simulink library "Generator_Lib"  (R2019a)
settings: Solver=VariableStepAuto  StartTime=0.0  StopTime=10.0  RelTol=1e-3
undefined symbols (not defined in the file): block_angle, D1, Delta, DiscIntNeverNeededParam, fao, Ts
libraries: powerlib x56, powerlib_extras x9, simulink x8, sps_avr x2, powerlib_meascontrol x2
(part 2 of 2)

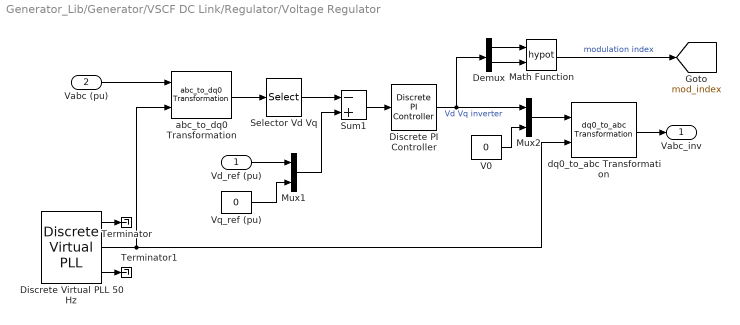
== system Generator_Lib/Generator/VSCF DC Link/Regulator/Voltage Regulator ==
  Vd_ref (pu) : Inport
  Vabc (pu) : Inport  Port=2
  Demux : Demux  Outputs=2
  Discrete PI Controller : powerlib_extras/Discrete  Control Blocks/Discrete PI Controller  Kp=Kp  Ki=Ki  Par_Limits=[1 -1]  Init=0  Ts=Ts
      settings: SourceProductName=Simscape Electrical
  Discrete Virtual PLL 50 Hz : powerlib_extras/Discrete  Control Blocks/Discrete Virtual PLL  Freq=400  Phase=0  Ts=Ts
      settings: SourceProductName=Simscape Electrical  SourceProductBaseCode=PS
  Math Function : Math  Operator=hypot  SaturateOnIntegerOverflow=on
  Mux1 : Mux  Inputs=2
  Mux2 : Mux  Inputs=2
  Selector Vd Vq : Selector  InputPortWidth=3  IndexOptions=Index vector (dialog)  Indices=[1 2]  OutputSizes=1
  Sum1 : Sum  Inputs=-+  SaturateOnIntegerOverflow=on  InputSameDT=on  OutDataTypeStr=Inherit: Same as first input
  Terminator : Terminator
  Terminator1 : Terminator
  V0 : Constant  Value=0
  Vq_ref (pu) : Constant  Value=0
  abc_to_dq0 Transformation : powerlib_extras/Measurements/abc_to_dq0 Transformation
      settings: SourceProductName=Simscape Electrical  SourceProductBaseCode=PS
  dq0_to_abc Transformation : powerlib_extras/Measurements/dq0_to_abc Transformation
      settings: SourceProductName=Simscape Electrical  SourceProductBaseCode=PS
  Vabc_inv : Outport
  tag scope: mod_index=global
  wires:
  Math Function/1 -> [mod_index]  "modulation index"
  Demux/2 -> Math Function/2
  Demux/1 -> Math Function/1
  Discrete PI Controller/1 -> Mux2/1, Demux/1  "Vd Vq inverter"
  Discrete Virtual PLL 50 Hz/3 -> Terminator1/1
  Discrete Virtual PLL 50 Hz/1 -> Terminator/1
  Mux1/1 -> Sum1/2
  Vq_ref (pu)/1 -> Mux1/2
  Vd_ref (pu)/1 -> Mux1/1
  Discrete Virtual PLL 50 Hz/2 -> dq0_to_abc Transformation/2, abc_to_dq0 Transformation/2
  dq0_to_abc Transformation/1 -> Vabc_inv/1
  V0/1 -> Mux2/2
  Mux2/1 -> dq0_to_abc Transformation/1
  Sum1/1 -> Discrete PI Controller/1
  Selector Vd Vq/1 -> Sum1/1
  Vabc (pu)/1 -> abc_to_dq0 Transformation/1
  abc_to_dq0 Transformation/1 -> Selector Vd Vq/1

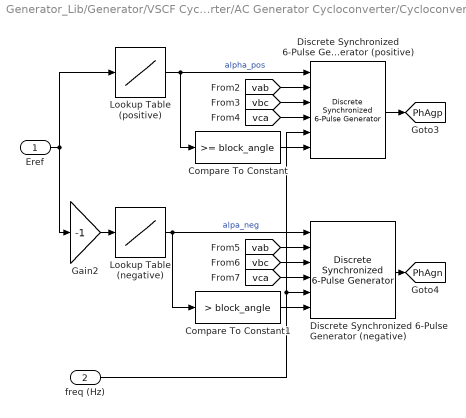
== system Generator_Lib/Generator/VSCF Cycloconverter/AC Generator Cycloconverter/Cycloconverter control (Vsync)/Cyclo Firing Control PhA ==
  Eref : Inport
  freq (Hz) : Inport  Port=2
  Compare To Constant : simulink/Logic and Bit Operations/Compare To Constant  relop=>=  const=block_angle  OutDataTypeStr=boolean  ZeroCross=off
  Compare To Constant1 : simulink/Logic and Bit Operations/Compare To Constant  relop=>  const=block_angle  OutDataTypeStr=boolean  ZeroCross=off
  Discrete Synchronized 6-Pulse Generator (negative) : powerlib_extras/Discrete  Control Blocks/Discrete Synchronized 6-Pulse Generator  pwidth=150  Double_Pulse=off  Ts=Ts
      settings: SourceProductName=Simscape Electrical  SourceProductBaseCode=PS
  Discrete Synchronized 6-Pulse Generator (positive) : powerlib_extras/Discrete  Control Blocks/Discrete Synchronized 6-Pulse Generator  pwidth=150  Double_Pulse=off  Ts=Ts
      settings: SourceProductName=Simscape Electrical  SourceProductBaseCode=PS
  Gain2 : Gain  Gain=-1
  Lookup Table (negative) : Lookup  InputValues=[-1 0 1]  Table=[90 90 0]+fao
  Lookup Table (positive) : Lookup  InputValues=[-1 0 1]  Table=[90 90 0]+fao
  tag scope: PhAgn=global, PhAgp=global
  wires:
  freq (Hz)/1 -> Discrete Synchronized 6-Pulse Generator (negative)/5, Discrete Synchronized 6-Pulse Generator (positive)/5
  Gain2/1 -> Lookup Table (negative)/1
  Compare To Constant1/1 -> Discrete Synchronized 6-Pulse Generator (negative)/6
  Eref/1 -> Gain2/1, Lookup Table (positive)/1
  Lookup Table (negative)/1 -> Compare To Constant1/1, Discrete Synchronized 6-Pulse Generator (negative)/1  "alpa_neg"
  Lookup Table (positive)/1 -> Discrete Synchronized 6-Pulse Generator (positive)/1, Compare To Constant/1  "alpha_pos"
  Compare To Constant/1 -> Discrete Synchronized 6-Pulse Generator (positive)/6
  [vca] -> Discrete Synchronized 6-Pulse Generator (negative)/4
  [vbc] -> Discrete Synchronized 6-Pulse Generator (negative)/3
  [vab] -> Discrete Synchronized 6-Pulse Generator (negative)/2
  [vab] -> Discrete Synchronized 6-Pulse Generator (positive)/2
  [vbc] -> Discrete Synchronized 6-Pulse Generator (positive)/3
  [vca] -> Discrete Synchronized 6-Pulse Generator (positive)/4
  Discrete Synchronized 6-Pulse Generator (negative)/1 -> [PhAgn]
  Discrete Synchronized 6-Pulse Generator (positive)/1 -> [PhAgp]

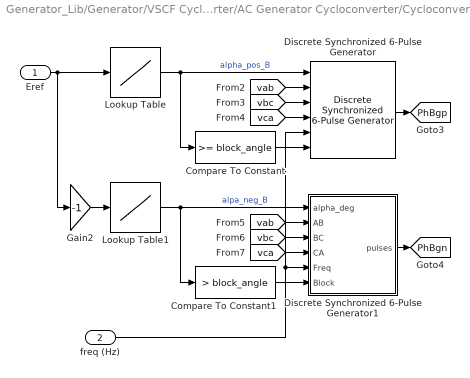
== system Generator_Lib/Generator/VSCF Cycloconverter/AC Generator Cycloconverter/Cycloconverter control (Vsync)/Cyclo Firing Control PhB ==
  Eref : Inport
  freq (Hz) : Inport  Port=2
  Compare To Constant : simulink/Logic and Bit Operations/Compare To Constant  relop=>=  const=block_angle  OutDataTypeStr=boolean  ZeroCross=off
  Compare To Constant1 : simulink/Logic and Bit Operations/Compare To Constant  relop=>  const=block_angle  OutDataTypeStr=boolean  ZeroCross=off
  Discrete Synchronized 6-Pulse Generator : powerlib_extras/Discrete  Control Blocks/Discrete Synchronized 6-Pulse Generator  pwidth=150  Double_Pulse=off  Ts=Ts
      settings: SourceProductName=Simscape Electrical  SourceProductBaseCode=PS
  Discrete Synchronized 6-Pulse Generator1 : Subsystem  DialogController=POWERSYS.PowerSysDialog  mask(Discrete Synchronized 6-pulse generator){pwidth=150, Double_Pulse=off, Ts=Ts}
      mask prompts: pwidth "Pulse width (degrees) :"; Double_Pulse "Double pulsing"; Ts "Time step (s) :"
      mask help:
      | Use this block to fire the 6 thyristors of a 6-pulse converter.
      |
      | The output is a vector of 6 pulses (0-1) individually synchronized on the 6 commutation voltages. Pulses are generated alpha degrees after the increasing zero-crossings of the commutation voltages.
      |
      | Input 1 is  the alpha firing signal (degrees).
      | Inputs 2, 3 and 4 are the synchronization voltages AB BC CA which should be in phase with the 3 phase-phase voltages at the converter terminals.
      | Input 5: Frequency of the synchronization voltages (use a constant or the Freq PLL output)
      | Input 6 allows  blocking of the pulses when the applied signal is non zero.
      |
      | When the 'Douple pulsing' option is checked, two pulses are sent to each thyristor: a 1st pulse when the aplha angle is reached, then a 2nd pulse 60 degrees later, when the next thyristor is fired.
      mask init:
      | power_initmask();
      mask Help: This block is part of a subset of blocks in the Extras library that does not have documentation associated with it, other than the block mask description.
      mask Display: plot(0,0,100,100,[80 62 62 47 47 30],[40 40 60 60 40 40]-5)
  Gain2 : Gain  Gain=-1
  Lookup Table : Lookup  InputValues=[-1 0 1]  Table=[90 90 0]+fao
  Lookup Table1 : Lookup  InputValues=[-1 0 1]  Table=[90 90 0]+fao
  tag scope: PhBgn=global, PhBgp=global
  wires:
  freq (Hz)/1 -> Discrete Synchronized 6-Pulse Generator/5, Discrete Synchronized 6-Pulse Generator1/5(Freq)
  Gain2/1 -> Lookup Table1/1
  Compare To Constant1/1 -> Discrete Synchronized 6-Pulse Generator1/6(Block)
  Discrete Synchronized 6-Pulse Generator/1 -> [PhBgp]
  Discrete Synchronized 6-Pulse Generator1/1(pulses) -> [PhBgn]
  [vca] -> Discrete Synchronized 6-Pulse Generator/4
  [vbc] -> Discrete Synchronized 6-Pulse Generator/3
  [vab] -> Discrete Synchronized 6-Pulse Generator/2
  [vab] -> Discrete Synchronized 6-Pulse Generator1/2(AB)
  [vbc] -> Discrete Synchronized 6-Pulse Generator1/3(BC)
  [vca] -> Discrete Synchronized 6-Pulse Generator1/4(CA)
  Compare To Constant/1 -> Discrete Synchronized 6-Pulse Generator/6
  Lookup Table/1 -> Discrete Synchronized 6-Pulse Generator/1, Compare To Constant/1  "alpha_pos_B"
  Lookup Table1/1 -> Discrete Synchronized 6-Pulse Generator1/1(alpha_deg), Compare To Constant1/1  "alpa_neg_B"
  Eref/1 -> Gain2/1, Lookup Table/1

== system Generator_Lib/Generator/VSCF Cycloconverter/AC Generator Cycloconverter/Cycloconverter control (Vsync)/Cyclo Firing Control PhC ==
  Eref : Inport
  freq (Hz) : Inport  Port=2
  Compare To Constant : simulink/Logic and Bit Operations/Compare To Constant  relop=>=  const=block_angle  OutDataTypeStr=boolean  ZeroCross=off
  Compare To Constant1 : simulink/Logic and Bit Operations/Compare To Constant  relop=>  const=block_angle  OutDataTypeStr=boolean  ZeroCross=off
  Discrete Synchronized 6-Pulse Generator : powerlib_extras/Discrete  Control Blocks/Discrete Synchronized 6-Pulse Generator  pwidth=120  Double_Pulse=off  Ts=Ts
      settings: SourceProductName=Simscape Electrical  SourceProductBaseCode=PS
  Discrete Synchronized 6-Pulse Generator1 : Subsystem  DialogController=POWERSYS.PowerSysDialog  mask(Discrete Synchronized 6-pulse generator){pwidth=120, Double_Pulse=off, Ts=Ts}
      mask prompts: pwidth "Pulse width (degrees) :"; Double_Pulse "Double pulsing"; Ts "Time step (s) :"
      mask help:
      | Use this block to fire the 6 thyristors of a 6-pulse converter.
      |
      | The output is a vector of 6 pulses (0-1) individually synchronized on the 6 commutation voltages. Pulses are generated alpha degrees after the increasing zero-crossings of the commutation voltages.
      |
      | Input 1 is  the alpha firing signal (degrees).
      | Inputs 2, 3 and 4 are the synchronization voltages AB BC CA which should be in phase with the 3 phase-phase voltages at the converter terminals.
      | Input 5: Frequency of the synchronization voltages (use a constant or the Freq PLL output)
      | Input 6 allows  blocking of the pulses when the applied signal is non zero.
      |
      | When the 'Douple pulsing' option is checked, two pulses are sent to each thyristor: a 1st pulse when the aplha angle is reached, then a 2nd pulse 60 degrees later, when the next thyristor is fired.
      mask init:
      | power_initmask();
      mask Help: This block is part of a subset of blocks in the Extras library that does not have documentation associated with it, other than the block mask description.
      mask Display: plot(0,0,100,100,[80 62 62 47 47 30],[40 40 60 60 40 40]-5)
  Gain2 : Gain  Gain=-1
  Lookup Table : Lookup  InputValues=[-1 0 1]  Table=[90 90 0]+fao
  Lookup Table1 : Lookup  InputValues=[-1 0 1]  Table=[90 90 0]+fao
  tag scope: PhCgn=global, PhCgp=global
  wires:
  Gain2/1 -> Lookup Table1/1
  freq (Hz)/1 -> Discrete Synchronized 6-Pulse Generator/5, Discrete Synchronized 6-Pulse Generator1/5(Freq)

§

What to do ->
Nothing but a number is wanted here: the count of lines in the listing with the word "Cyclo".

Answer to this problem ->
3